Two distillers take distinct approaches, but end up at the summit of the state’s spirits mountain

Written by Bob Johnson
Photographs by Michelle Johnson
Reviews by editor John Vitale
IT’S A blue-sky day in Washington wine country, the bright sunshine nourishing the grapes that are slowly evolving on the vines, destined for being harvested, crushed, fermented and blended into cuvees that will delight the palates of untold numbers of wine lovers.
Surrounded by rows of vines and with tasting rooms beckoning around every bend in the road, could there possibly be a better setting for a glass of bourbon, served neat, or perhaps a bourbon-based cocktail?
Wait. Bourbon? In wine country? What’s wrong with this picture?
Nothing, as long as the bourbon is being crafted by Browne Family Spirits or J.P. Trodden Distilling.
Andrew Browne purchased the Warrior Liquor distillery in Spokane in mid-2021, introduced the first Browne-labeled distilled products in October 2022, and now makes them available for tasting and purchase at the Spokane distillery as well as the six Browne Family Vineyards tasting rooms around the state.
Some might describe Mark Nesheim’s foray into making craft bourbon as the result of a mid-life crisis. In truth, it was more of a mid-life epiphany—a desire to take the lessons learned from a career in the restaurant business and do something for himself, his family and fellow bourbon lovers, rather than employers. He and his wife, Jennifer, decided to base their venture in Woodinville, surrounded by wineries.
Although the paths taken by Andrew Browne and Mark Nesheim were quite different, they converged at the same destination: the summit of Washington craft bourbon making.
Browne Family Spirits
Andrew Browne discovers that, even more so than making high-end red wines, crafting spirits is a passion of patience
Andrew Browne, the founder and proprietor of Browne Family Vineyards, has a clear recollection of when he had his first glass of “really good red wine.” The Spokane native was living in Southern California at the time and was poured a glass of Waterbrook Winery’s 1989 vintage Merlot.
“That changed my whole vision of Merlot,” he says. “It changed my whole vision of Walla Walla and of Washington State. That wine absolutely blew my mind,” and sparked an appreciation for Washington reds—not to mention whites and Rosés—that continues to this day.
Browne’s remembrance of the first bourbon he loved is far less clear.
“I don’t recall the brand,” Browne says. “But I’d gotten into the business when I was 21, so I started developing an appreciation for the stories and the flavor profiles very early. It was a unique opportunity. What I do remember is that I liked it stylistically and realized that whoever made it had put in time and effort and worked the quality angle.”
It was a far cry from the sweeter renditions one consumes “in the form of shots when you’re younger and sometimes drinking for reasons other than taste.”
It would take decades in the wine industry before Browne would decide to venture commercially into distilled beverages and founded Browne Family Spirits under the Browne Family Vineyards umbrella (and larger tent of the multi-brand Precept Wine & Spirits company).
After surveying the marketplace, he decided the best course of action would be to purchase an existing distillery with an outstanding master distiller. The distillery chosen was Warrior Liquor in east-central Spokane, which in mid-2021 was employing Kentucky native Aaron Kleinhelter to produce its spirits. Adjustments to the product line were made, and the newly christened Browne Family Spirits tasting room opened in Spokane in December 2022.
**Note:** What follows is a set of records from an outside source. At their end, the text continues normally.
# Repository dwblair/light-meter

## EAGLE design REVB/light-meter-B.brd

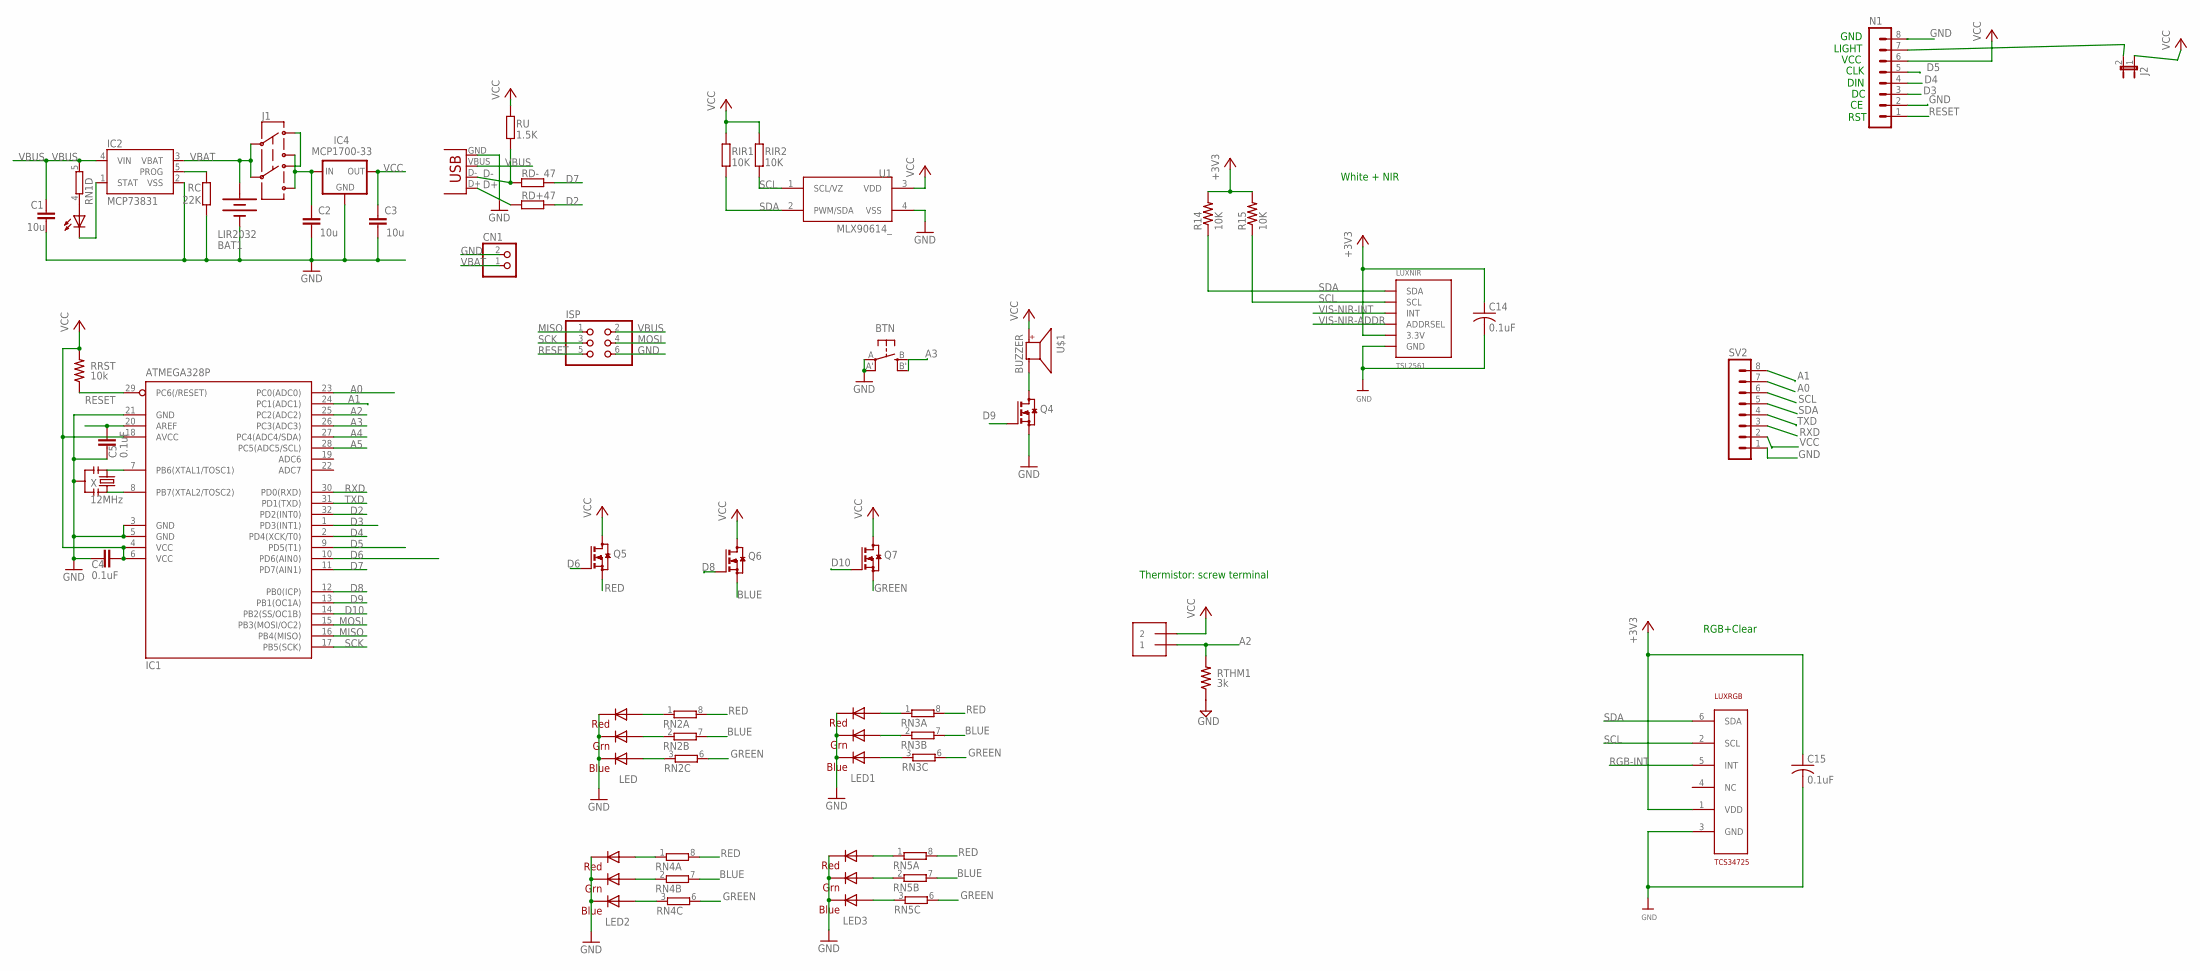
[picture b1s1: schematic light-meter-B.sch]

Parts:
BAT1: LIR2032; BATTCOM_20MM_PTH_SMT
BTN: EVQQ2; EVQ-Q2
C1, C2, C3: 10u; C0805
C4, C5, C14, C15: 0.1uF; C0805
CHG: 0805; CHIPLED_0805
CN1: JST_2PIN-SMT-RA; JST-PH-2-SMT-RA
IC1: ATMEGA328P; TQFP32-08
IC2: MCP73831; SOT23-5
IC4: MCP1700-33; SOT23
ISP: PINHD-2X3; 2X03
J1: AYZ0202
J2: JP1E; JP1
LED, LED1, LED2, LED3: RGBLED5050
LUXNIR: TSL2561; TSL2561_FN@1
LUXRGB: TCS34725; DFN-6
N1: MA08-1
Q4, Q5, Q6, Q7: BSS123; SOT23
R14, R15: 10K; R0805
RC: 22K; R0805
RD+: 47; R0805
RD-: 47; R0805
RIR1, RIR2: 10K; R0805
RN1, RN2, RN3, RN4, RN5: 4R-NEXB38V; EXB38V
RRST: 10k; R0805@1
RTHM1: 3k; R0805@1
RU: 1.5K; R0805
SV2: MA08-1
THM1: 1X2-3.5MM
U1: MLX90614_; TO-39
U$1: BUZZER; SMT-8585-BUZZER
X: 12MHz; RESONATOR-SMD
X1: USBSMD; USB-MINIB

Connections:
+3V3: C14.1, C15.1, LUXNIR.VDD (3.3V), LUXRGB.1 (VDD), R14.2, R15.2
A0: IC1.23 (PC0(ADC0)), SV2.7
A1: IC1.24 (PC1(ADC1)), SV2.8
A2: IC1.25 (PC2(ADC2)), RTHM1.2, THM1.1
A3: BTN.B (S), BTN.B' (S1), IC1.26 (PC3(ADC3))
A4: IC1.27 (PC4(ADC4/SDA))
A5: IC1.28 (PC5(ADC5/SCL))
AREF: C5.2, IC1.20 (AREF)
BLUE: Q6.2 (S), RN2.7 (2), RN3.7 (2), RN4.7 (2), RN5.7 (2)
D2: IC1.32 (PD2(INT0)), RD+.2
D3: IC1.1 (PD3(INT1)), N1.3
D4: IC1.2 (PD4(XCK/T0)), N1.4
D5: IC1.9 (PD5(T1)), N1.5
D6: IC1.10 (PD6(AIN0)), Q5.1 (G)
D7: IC1.11 (PD7(AIN1)), RD-.2
D8: IC1.12 (PB0(ICP)), Q6.1 (G)
D9: IC1.13 (PB1(OC1A)), Q4.1 (G)
D10: IC1.14 (PB2(SS/OC1B)), Q7.1 (G)
D+: RD+.1, X1.D+
D-: RD-.1, RU.1, X1.D-
GND: BAT1.P$1 (-), BTN.A, BTN.A' (P1), C1.2, C2.2, C3.2, C4.1, C5.1, C14.2, C15.2, CN1.2 (1), IC1.3 (GND), IC1.5 (GND), IC1.21 (GND), IC2.2 (VSS), IC4.1 (GND), ISP.6, LED.4 (BLUE_C), LED.5 (RED_C), LED.6 (GREEN_C), LED1.4 (BLUE_C), LED1.5 (RED_C), LED1.6 (GREEN_C), LED2.4 (BLUE_C), LED2.5 (RED_C), LED2.6 (GREEN_C), LED3.4 (BLUE_C), LED3.5 (RED_C), LED3.6 (GREEN_C), LUXNIR.VSS (GND), LUXRGB.3 (GND), N1.2, N1.8, Q4.2 (S), RC.1, RTHM1.1, SV2.1, U1.4 (VSS), X.2, X1.GND
GREEN: Q7.2 (S), RN2.6 (2), RN3.6 (2), RN4.6 (2), RN5.6 (2)
MISO: IC1.16 (PB4(MISO)), ISP.1
MOSI: IC1.15 (PB3(MOSI/OC2)), ISP.4
unnamed: J1.3 (1), J1.6 (4)
unnamed: IC1.7 (PB6(XTAL1/TOSC1)), X.1
unnamed: IC1.8 (PB7(XTAL2/TOSC2)), X.3
unnamed: LED.3 (BLUE_A), RN2.3 (1)
unnamed: CHG.C, IC2.1 (STAT)
unnamed: IC2.5 (PROG), RC.2
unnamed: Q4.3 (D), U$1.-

Many business owners like to bring in their own people when they purchase an existing business. Why did Browne decide to retain Kleinhelter?
“It’s betting on your horse,” Browne explains. “When you have a master distiller like Aaron who has grown up with it and knows the craft like the back of his hand—knowing how to take the raw ingredients and convert them, do the alchemy, get it all into the right barrels and age it for the right amount of time—you just let that horse run.”
It’s a lesson learned as Browne expanded his company’s wine empire.
“When you have a really good group of people, why would you not just rely on them to do their thing?”
That really good group of people on the spirits side extends to the Washington farmers who provide the agricultural products that contribute to each bourbon’s mash bill. Corn and wheat comes from Joseph’s Grainery in Colfax, malted rye from Linc Foods in Spokane Valley, rye from James Wahl in Ritzville, organic wheat from William’s Farm in Walla Walla, and malted barley from Country Malt in Vancouver. There’s no product waste, as any remaining spent grains after the alcohol is removed from the fermented mash is distributed as livestock feed.
“We’re dealing with a number of farmers who normally see their crop go into a co-op,” Browne says. “They did a really good job growing it, and then it kind of disappears. It just goes to a mill where’s it’s processed and doesn’t attach to anything.

“One of the coolest things I’ve seen with Aaron and the rest of our team working with these farmers is the pure joy it produces,” he adds. “Some of these folks are fifth-generation farmers, and they tell us they wish their grandparents could see the process. We invite them to the distillery so they can watch their product get turned into a mash and put into a barrel, then they come back to see and taste the finished product. It’s something they can attach their name to and know they helped create. That, to me, is incredible.”
Browne emphasizes that it’s not enough for his spirits to be Northwest standouts; they must compete with all bourbons—not only from Kentucky, but beyond America’s borders.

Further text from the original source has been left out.